The formula for calculating the Cost of Goods Sold (COGS) = Opening Inventory + Purchased Inventory – Final Inventory
Variance can be defined as the difference between the theoretical and the recorded usage. For example, if you sell 1000 USD worth of food but your inventory says that 1200 USD worth has been spent. Then the variance would be 1200-1000= 200 USD is your variance. Restaurants on an average see a 2-5% variance of usage.
Food Cost Percentage
The Food Cost Percentage can be defined as the percentage of the selling price of your food that makes up the cost of all the ingredients used. The ideal food cost percentage suggested for restaurants is between 28%-35%. It is important for restaurants to maintain this number considering that there are constant fluctuations from the supply side of the ingredients.
The kitchen is where the food is prepared and then transferred to multiple outlets. For big franchise brands, it acts as the link between the warehouses and the outlets.
Sitting inventory is the amount of product you currently have with you in-house. You should always ensure that you are consistent everywhere in the type of measurement you use to indicate this figure.
Any food that is wasted before it is served to the customers comes under the waste category. All restaurants need to avoid the unnecessary losses that they create. This could include spoiled or badly cooked food, etc.
Cost of Goods Depleted
It is the cost that is related to the depletion of goods during a given period.
How do you keep track of your inventory?
Inventory management involves tracking of both raw and processed goods to plan out purchasing, understanding food costs, and avoiding any wastage of material.
While some restaurants still use the old-school pen and paper method, a host of digital methods have also been introduced.
The two most recognized methods of restaurant inventory management are:
- Spreadsheets - better known as par inventory sheets.
- Automated restaurant inventory management (using software).
Par Inventory Sheets
Restaurant managers set a defined level of how much of an item (inventory) they want in-house. This is also known as the par level.
The par inventory sheets assist in guiding restaurant managers/owners on what and how much should be ordered, based on what’s sitting in the inventory already. It also helps in the identification of an event in which you might be requiring additional inventory or any items that are being wasted due to under-utilization.
Automated Inventory Management System (using POS)
The Par method of tracking inventory is a great way to get started with inventory management. It is however, strongly advised that an automated system is used, one that ties up with your restaurant POS system, to automate the entire inventory management.
An automated inventory management system helps track the material usage by matching the following:
- Orders entered into your restaurant POS system
- Recipes entered into your inventory management software.
At any point of time, owners or managers can have a look at their inventory system and have the reports generated. This helps in the identification of material usage. What is left, and what would be needed in the coming days.
How do you go about calculating food inventory?
The most ideal method of inventory management is the shelf to sheet/system method
This is how it is done:
- Check what is a part of your storage
- Have it matched with your inventory system.

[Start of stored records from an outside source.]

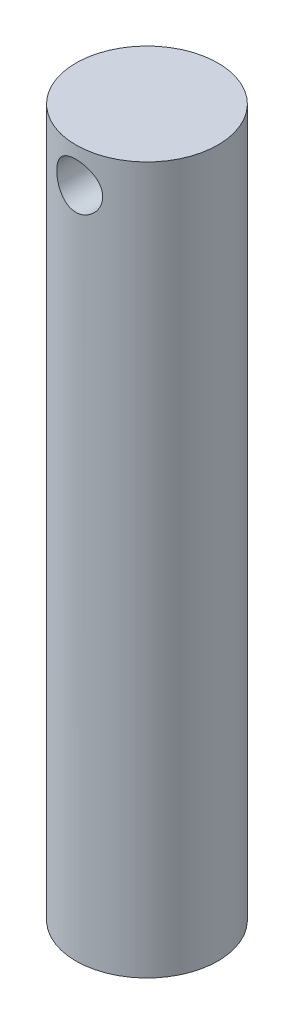
from build123d import *

# Parameters (mm, degrees)
SKETCH1_R               = 10.05
BOSS_EXTRUDE1_DEPTH     = 100
SKETCH2_R               = 3.25
CUT_EXTRUDE1_DEPTH      = 11.05
CUT_EXTRUDE1_DEPTH_BACK = 11.05


with BuildPart() as part:
    # Sketch1 → Boss-Extrude1 (new body)
    with BuildSketch(Plane(origin=(0, 0, 0), x_dir=(1, 0, 0), z_dir=(0, 1, 0))):
        Circle(SKETCH1_R)
    extrude(amount=BOSS_EXTRUDE1_DEPTH)

    # Sketch2 → Cut-Extrude1 (cut, two sides)
    with BuildSketch(Plane.XY) as cut_extrude1_sk:
        with Locations((0, 95)):
            Circle(SKETCH2_R)
    extrude(amount=CUT_EXTRUDE1_DEPTH, mode=Mode.SUBTRACT)
    extrude(cut_extrude1_sk.sketch, amount=-CUT_EXTRUDE1_DEPTH_BACK, mode=Mode.SUBTRACT)


solid = part.part

That way, every single item on every shelf is double-checked.
- Account and factor any ‘write-in’ item. These are the items that are there on your shelves but are missing out on the system.
Restaurant inventory management software - Helping you automate your workflow.
A restaurant inventory software helps in bringing together all the working parts of your inventory – be it raw materials, vendors, recipe and even taxation, under one system. Here are all the parts explained:
Material and recipe management
This part helps in the management of materials, setting par levels, and declaring the recipes for finished and processed items.
Vendor and tax management
This includes the declaration of multiple vendors and what you are procuring from whom. Additionally, some software also helps declare tax.
Multiple outlet management
When you are running multiple outlets or base kitchens, having software that helps you manage the opening, closing stocks, and transfers in between is essentially important to avoid any mistakes.
Audit and waste tracking
Inventory software connects with your POS system and updates real-time. Many systems offer the audit facility and manual reconciliation feature in case you wish to update something from your end.
How the inventory is managed affects the other processes at your restaurant, from serving the customers to revenue generation.
It’s now time to get tracking!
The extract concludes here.